M3 core counts and performance

I am very pleased with the thermal improvement on the iPad Pro. I want Apple to focus on cooling on iPhones and Macbooks going forward.

No one likes hot and noisy laptops, see M3 Max 14". More copper heatpipes please.
 
I thought they said the A17 pulled 14 watts single core? I may have misremembered.

That was multi core if I remember correctly.

Sure unless you average the test results in which case it's about 5% "IPC gains" or so ... which people tend to like numbers above 10, high teens especially (and remember SME doesn't count!).

It's easy to get double-digit IPC improvements if your IPC is in the cellar. I really get confused when everyone is praising AMD for achieving 10% higher IPC while Apple is stuck with 3-5% improvements... like dude, M4 has around 60-70% higher IPC than Zen4, what are you talking about?

Are you roger_k over there?

Maybe :D

I have to say I am not fond of this extreme cooling that they seem to be doing lately. As far as I can see, it skews results both in terms of the score, and the power. I just want analysis of the M4 at the default power levels. It feels like a move aimed at increasing clicks in YouTube, which is fair if that’s their business, but it’s a shame there is seemingly little room for sober analysis.

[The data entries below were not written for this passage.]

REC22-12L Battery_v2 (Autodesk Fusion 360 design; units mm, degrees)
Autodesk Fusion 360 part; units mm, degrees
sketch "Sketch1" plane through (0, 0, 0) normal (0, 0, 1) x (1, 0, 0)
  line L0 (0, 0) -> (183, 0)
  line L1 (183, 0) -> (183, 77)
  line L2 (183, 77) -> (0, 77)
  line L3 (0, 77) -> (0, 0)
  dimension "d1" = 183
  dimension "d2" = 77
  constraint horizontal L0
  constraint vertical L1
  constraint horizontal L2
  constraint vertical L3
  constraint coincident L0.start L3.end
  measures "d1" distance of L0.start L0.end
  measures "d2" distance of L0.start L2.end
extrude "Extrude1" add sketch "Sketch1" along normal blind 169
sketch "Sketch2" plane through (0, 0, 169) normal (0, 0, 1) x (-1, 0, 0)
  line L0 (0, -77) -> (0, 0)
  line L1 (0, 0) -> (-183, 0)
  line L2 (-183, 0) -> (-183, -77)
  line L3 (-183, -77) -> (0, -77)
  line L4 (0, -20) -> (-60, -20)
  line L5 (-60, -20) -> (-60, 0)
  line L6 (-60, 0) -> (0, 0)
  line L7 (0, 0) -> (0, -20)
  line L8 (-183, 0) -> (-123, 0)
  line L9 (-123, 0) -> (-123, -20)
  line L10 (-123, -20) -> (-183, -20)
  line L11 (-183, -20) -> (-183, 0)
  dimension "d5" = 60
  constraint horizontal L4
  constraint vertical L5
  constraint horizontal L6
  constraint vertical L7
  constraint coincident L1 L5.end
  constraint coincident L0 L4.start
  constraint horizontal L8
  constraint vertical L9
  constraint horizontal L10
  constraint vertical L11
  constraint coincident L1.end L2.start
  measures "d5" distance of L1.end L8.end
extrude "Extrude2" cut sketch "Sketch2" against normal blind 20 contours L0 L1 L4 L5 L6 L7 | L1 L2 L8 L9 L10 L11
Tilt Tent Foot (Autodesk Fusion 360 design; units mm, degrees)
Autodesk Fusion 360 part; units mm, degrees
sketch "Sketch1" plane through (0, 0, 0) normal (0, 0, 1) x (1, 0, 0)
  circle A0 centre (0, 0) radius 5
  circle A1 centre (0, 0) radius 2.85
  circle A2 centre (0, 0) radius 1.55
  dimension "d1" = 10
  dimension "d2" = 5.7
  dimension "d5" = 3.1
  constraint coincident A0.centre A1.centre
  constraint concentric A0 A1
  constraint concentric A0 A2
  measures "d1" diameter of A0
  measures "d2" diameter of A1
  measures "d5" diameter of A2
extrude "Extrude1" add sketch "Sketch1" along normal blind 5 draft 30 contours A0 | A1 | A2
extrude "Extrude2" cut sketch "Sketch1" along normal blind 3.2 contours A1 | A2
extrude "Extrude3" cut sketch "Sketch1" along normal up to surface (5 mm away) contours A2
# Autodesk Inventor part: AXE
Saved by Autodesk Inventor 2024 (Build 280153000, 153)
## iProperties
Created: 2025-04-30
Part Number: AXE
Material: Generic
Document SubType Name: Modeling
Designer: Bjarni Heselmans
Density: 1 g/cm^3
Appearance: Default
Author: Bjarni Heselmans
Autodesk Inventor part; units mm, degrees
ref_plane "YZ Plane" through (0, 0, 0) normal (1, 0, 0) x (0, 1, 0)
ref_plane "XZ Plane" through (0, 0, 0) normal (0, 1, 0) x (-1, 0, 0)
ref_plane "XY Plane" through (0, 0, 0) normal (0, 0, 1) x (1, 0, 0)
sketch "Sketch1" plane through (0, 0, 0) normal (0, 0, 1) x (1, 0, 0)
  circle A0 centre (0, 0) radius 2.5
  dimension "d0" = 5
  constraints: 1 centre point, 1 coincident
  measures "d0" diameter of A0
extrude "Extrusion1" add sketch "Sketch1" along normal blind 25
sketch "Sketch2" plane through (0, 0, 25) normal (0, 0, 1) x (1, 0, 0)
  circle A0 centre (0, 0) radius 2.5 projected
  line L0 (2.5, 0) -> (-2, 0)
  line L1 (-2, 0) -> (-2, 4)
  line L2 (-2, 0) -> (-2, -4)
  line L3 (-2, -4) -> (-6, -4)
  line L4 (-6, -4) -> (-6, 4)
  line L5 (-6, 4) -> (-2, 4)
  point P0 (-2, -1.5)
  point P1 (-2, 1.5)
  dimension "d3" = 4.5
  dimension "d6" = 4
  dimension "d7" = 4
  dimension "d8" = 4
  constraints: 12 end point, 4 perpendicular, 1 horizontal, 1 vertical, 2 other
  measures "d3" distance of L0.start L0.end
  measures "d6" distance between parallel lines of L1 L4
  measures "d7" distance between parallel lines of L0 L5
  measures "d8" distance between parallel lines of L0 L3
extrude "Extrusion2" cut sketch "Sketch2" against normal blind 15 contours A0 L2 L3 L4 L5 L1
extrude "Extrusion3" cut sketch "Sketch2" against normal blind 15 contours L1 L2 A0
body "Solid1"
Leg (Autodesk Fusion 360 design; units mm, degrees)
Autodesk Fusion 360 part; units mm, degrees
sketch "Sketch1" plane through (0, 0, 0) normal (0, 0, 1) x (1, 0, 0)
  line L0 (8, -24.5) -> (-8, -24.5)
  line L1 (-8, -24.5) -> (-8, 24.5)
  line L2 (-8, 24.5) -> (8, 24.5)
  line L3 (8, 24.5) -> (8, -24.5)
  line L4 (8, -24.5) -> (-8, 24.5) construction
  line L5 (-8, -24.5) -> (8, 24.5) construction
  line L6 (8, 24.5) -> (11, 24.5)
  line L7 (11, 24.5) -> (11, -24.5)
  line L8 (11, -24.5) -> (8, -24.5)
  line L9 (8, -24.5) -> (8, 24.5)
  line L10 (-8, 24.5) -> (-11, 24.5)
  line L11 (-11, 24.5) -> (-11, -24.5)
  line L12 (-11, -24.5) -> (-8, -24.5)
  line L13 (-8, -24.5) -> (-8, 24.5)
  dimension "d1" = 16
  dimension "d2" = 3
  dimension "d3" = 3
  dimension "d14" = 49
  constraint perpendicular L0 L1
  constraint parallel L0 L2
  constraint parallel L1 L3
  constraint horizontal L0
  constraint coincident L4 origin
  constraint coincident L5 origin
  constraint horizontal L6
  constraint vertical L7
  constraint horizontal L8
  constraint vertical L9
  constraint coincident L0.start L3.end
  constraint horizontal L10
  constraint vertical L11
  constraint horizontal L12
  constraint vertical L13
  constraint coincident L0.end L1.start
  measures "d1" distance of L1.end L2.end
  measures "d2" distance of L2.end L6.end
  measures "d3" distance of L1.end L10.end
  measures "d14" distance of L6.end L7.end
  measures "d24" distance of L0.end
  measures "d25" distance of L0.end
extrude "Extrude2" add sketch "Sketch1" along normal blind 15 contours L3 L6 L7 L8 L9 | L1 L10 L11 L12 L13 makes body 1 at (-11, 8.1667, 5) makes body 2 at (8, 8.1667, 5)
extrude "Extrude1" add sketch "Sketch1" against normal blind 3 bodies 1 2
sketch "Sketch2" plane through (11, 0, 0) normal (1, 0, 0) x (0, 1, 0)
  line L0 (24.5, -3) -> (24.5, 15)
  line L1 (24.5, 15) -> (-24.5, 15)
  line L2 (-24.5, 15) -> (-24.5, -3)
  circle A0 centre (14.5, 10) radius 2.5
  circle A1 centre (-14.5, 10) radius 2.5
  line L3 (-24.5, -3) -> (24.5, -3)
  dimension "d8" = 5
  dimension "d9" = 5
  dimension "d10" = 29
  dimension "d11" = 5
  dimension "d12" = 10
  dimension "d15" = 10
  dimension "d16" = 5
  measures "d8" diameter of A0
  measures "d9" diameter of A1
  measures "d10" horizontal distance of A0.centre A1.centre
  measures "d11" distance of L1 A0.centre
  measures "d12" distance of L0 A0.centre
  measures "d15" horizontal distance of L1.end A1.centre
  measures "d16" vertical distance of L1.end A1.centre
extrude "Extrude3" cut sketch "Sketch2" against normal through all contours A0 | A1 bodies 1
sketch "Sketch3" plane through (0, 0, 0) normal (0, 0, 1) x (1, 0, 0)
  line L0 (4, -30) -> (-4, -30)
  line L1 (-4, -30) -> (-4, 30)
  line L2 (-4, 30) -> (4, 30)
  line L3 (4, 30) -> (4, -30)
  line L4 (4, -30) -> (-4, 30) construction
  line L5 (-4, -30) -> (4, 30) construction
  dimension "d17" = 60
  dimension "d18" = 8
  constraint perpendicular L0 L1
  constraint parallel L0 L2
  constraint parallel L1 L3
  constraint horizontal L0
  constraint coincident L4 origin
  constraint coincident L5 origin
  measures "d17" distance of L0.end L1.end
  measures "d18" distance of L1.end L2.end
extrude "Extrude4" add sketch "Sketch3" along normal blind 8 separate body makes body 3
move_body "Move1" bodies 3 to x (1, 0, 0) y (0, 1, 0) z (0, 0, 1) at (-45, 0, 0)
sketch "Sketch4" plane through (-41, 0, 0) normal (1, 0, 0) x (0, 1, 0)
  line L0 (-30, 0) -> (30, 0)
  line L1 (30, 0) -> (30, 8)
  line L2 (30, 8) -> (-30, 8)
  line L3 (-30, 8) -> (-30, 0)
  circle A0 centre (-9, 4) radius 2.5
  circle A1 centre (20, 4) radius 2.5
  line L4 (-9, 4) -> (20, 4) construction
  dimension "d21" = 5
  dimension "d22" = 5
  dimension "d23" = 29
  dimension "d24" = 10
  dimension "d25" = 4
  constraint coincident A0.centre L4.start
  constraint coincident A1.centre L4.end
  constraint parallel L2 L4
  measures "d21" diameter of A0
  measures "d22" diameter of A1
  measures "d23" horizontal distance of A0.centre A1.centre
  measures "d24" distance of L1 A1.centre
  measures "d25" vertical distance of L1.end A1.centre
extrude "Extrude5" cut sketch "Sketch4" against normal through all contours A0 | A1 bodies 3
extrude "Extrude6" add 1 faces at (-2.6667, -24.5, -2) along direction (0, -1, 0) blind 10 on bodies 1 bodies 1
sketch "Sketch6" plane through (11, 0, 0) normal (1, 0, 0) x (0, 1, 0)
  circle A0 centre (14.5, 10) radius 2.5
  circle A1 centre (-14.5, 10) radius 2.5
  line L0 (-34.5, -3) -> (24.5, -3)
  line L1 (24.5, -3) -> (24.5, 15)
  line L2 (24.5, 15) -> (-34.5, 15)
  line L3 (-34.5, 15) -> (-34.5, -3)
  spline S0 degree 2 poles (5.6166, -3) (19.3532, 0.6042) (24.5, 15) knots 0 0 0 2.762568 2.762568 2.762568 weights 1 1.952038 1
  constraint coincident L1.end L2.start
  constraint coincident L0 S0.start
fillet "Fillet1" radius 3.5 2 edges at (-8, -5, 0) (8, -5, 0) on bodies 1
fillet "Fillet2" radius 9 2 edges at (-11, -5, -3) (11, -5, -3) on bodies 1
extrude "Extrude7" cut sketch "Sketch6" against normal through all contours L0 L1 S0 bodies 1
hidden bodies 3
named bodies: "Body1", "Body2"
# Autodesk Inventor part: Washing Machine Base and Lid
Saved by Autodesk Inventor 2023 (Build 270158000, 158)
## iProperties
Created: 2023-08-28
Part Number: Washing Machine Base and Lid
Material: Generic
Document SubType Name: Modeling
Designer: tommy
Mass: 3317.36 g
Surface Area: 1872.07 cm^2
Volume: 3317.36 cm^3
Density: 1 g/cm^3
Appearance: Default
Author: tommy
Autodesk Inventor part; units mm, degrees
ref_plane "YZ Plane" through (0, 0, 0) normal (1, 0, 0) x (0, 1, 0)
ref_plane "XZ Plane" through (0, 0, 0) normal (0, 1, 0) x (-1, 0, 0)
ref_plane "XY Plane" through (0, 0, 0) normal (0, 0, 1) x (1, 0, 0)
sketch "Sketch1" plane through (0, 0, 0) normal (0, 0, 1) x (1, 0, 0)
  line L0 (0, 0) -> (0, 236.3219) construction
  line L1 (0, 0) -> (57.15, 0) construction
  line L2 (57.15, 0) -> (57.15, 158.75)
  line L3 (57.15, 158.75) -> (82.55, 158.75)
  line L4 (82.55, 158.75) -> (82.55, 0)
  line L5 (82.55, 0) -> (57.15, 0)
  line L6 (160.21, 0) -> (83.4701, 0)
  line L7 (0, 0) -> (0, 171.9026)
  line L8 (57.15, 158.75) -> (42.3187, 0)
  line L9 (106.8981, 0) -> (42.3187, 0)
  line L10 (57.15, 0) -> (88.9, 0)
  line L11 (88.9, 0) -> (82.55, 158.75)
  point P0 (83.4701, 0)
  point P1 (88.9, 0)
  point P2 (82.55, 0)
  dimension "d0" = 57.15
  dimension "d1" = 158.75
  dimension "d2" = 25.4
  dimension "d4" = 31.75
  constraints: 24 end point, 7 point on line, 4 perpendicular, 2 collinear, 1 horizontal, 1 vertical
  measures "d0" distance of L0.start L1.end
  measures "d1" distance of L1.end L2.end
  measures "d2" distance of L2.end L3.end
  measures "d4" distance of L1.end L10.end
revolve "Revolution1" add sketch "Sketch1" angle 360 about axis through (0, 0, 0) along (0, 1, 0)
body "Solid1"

There is an advantage to this in that you can fix the clock. Especially if you want to estimate the IPC it is really important to understand whether you are running at peak clock or not. Every Mhz matters. But the danger is in extrapolating their results to normal usage, which they unfortunately do. "Oh it uses more power, that's bad!" — of course it's using more power, you are forcing it into an unrealistic situation. Measure the power consumption under normal use.
 
Also, why do so many seem underwhelmed in that thread? Are they wrong or am I missing something?
Well, aside from the complaining that Apple isn't giving the same gains they used to, that place has the distinct problem of taking rumoured AMD gains too seriously. So we have people looking at Apple's 'measly' IPC gains compared to AMD's rumoured 30 - 40% IPC gains and act accordingly. They also really don't like GB6 there.
 
Well, aside from the complaining that Apple isn't giving the same gains they used to, that place has the distinct problem of taking rumoured AMD gains too seriously. So we have people looking at Apple's 'measly' IPC gains compared to AMD's rumoured 30 - 40% IPC gains and act accordingly. They also really don't like GB6 there.
I know @leman has documented the fact that each generation of Apple Silicon tends to increase by about 200-400 each time, but does anyone know roughly what the ipc increases have been?
 
I have to say I am not fond of this extreme cooling that they seem to be doing lately. As far as I can see, it skews results both in terms of the score, and the power. I just want analysis of the M4 at the default power levels. It feels like a move aimed at increasing clicks in YouTube, which is fair if that’s their business, but it’s a shame there is seemingly little room for sober analysis.
I think it’s useful insofar as it shows what the chip can do in principle but if it’s pushing it past what a laptop could do, then yeah it’s dumb.
Yup, people value gains, recent gains. And yeah we should see what actually gets released of course. AMD and Intel have a long, long way to go. Intel more so. Qualcomm is starting off much closer, because well of course they are, and we'll see what their V2 cores are like. ARM can conceivably speed up with the X5. But even if any of these eventually "catch" Apple as it were, so far there's no evidence of a chip design team that is actually going to do to Apple what Apple did Intel/AMD. This may age poorly, but that's because there is no evidence to believe otherwise yet. If such evidence comes up, I'll happily change my mind!
Intel and AMD will get closer on IPC, but not really power. And even with Arm’s IP, we’ve seen a struggle in this vein, despite being *vastly* closer in achieving good high IPC & efficient designs than like AMD and Intel have.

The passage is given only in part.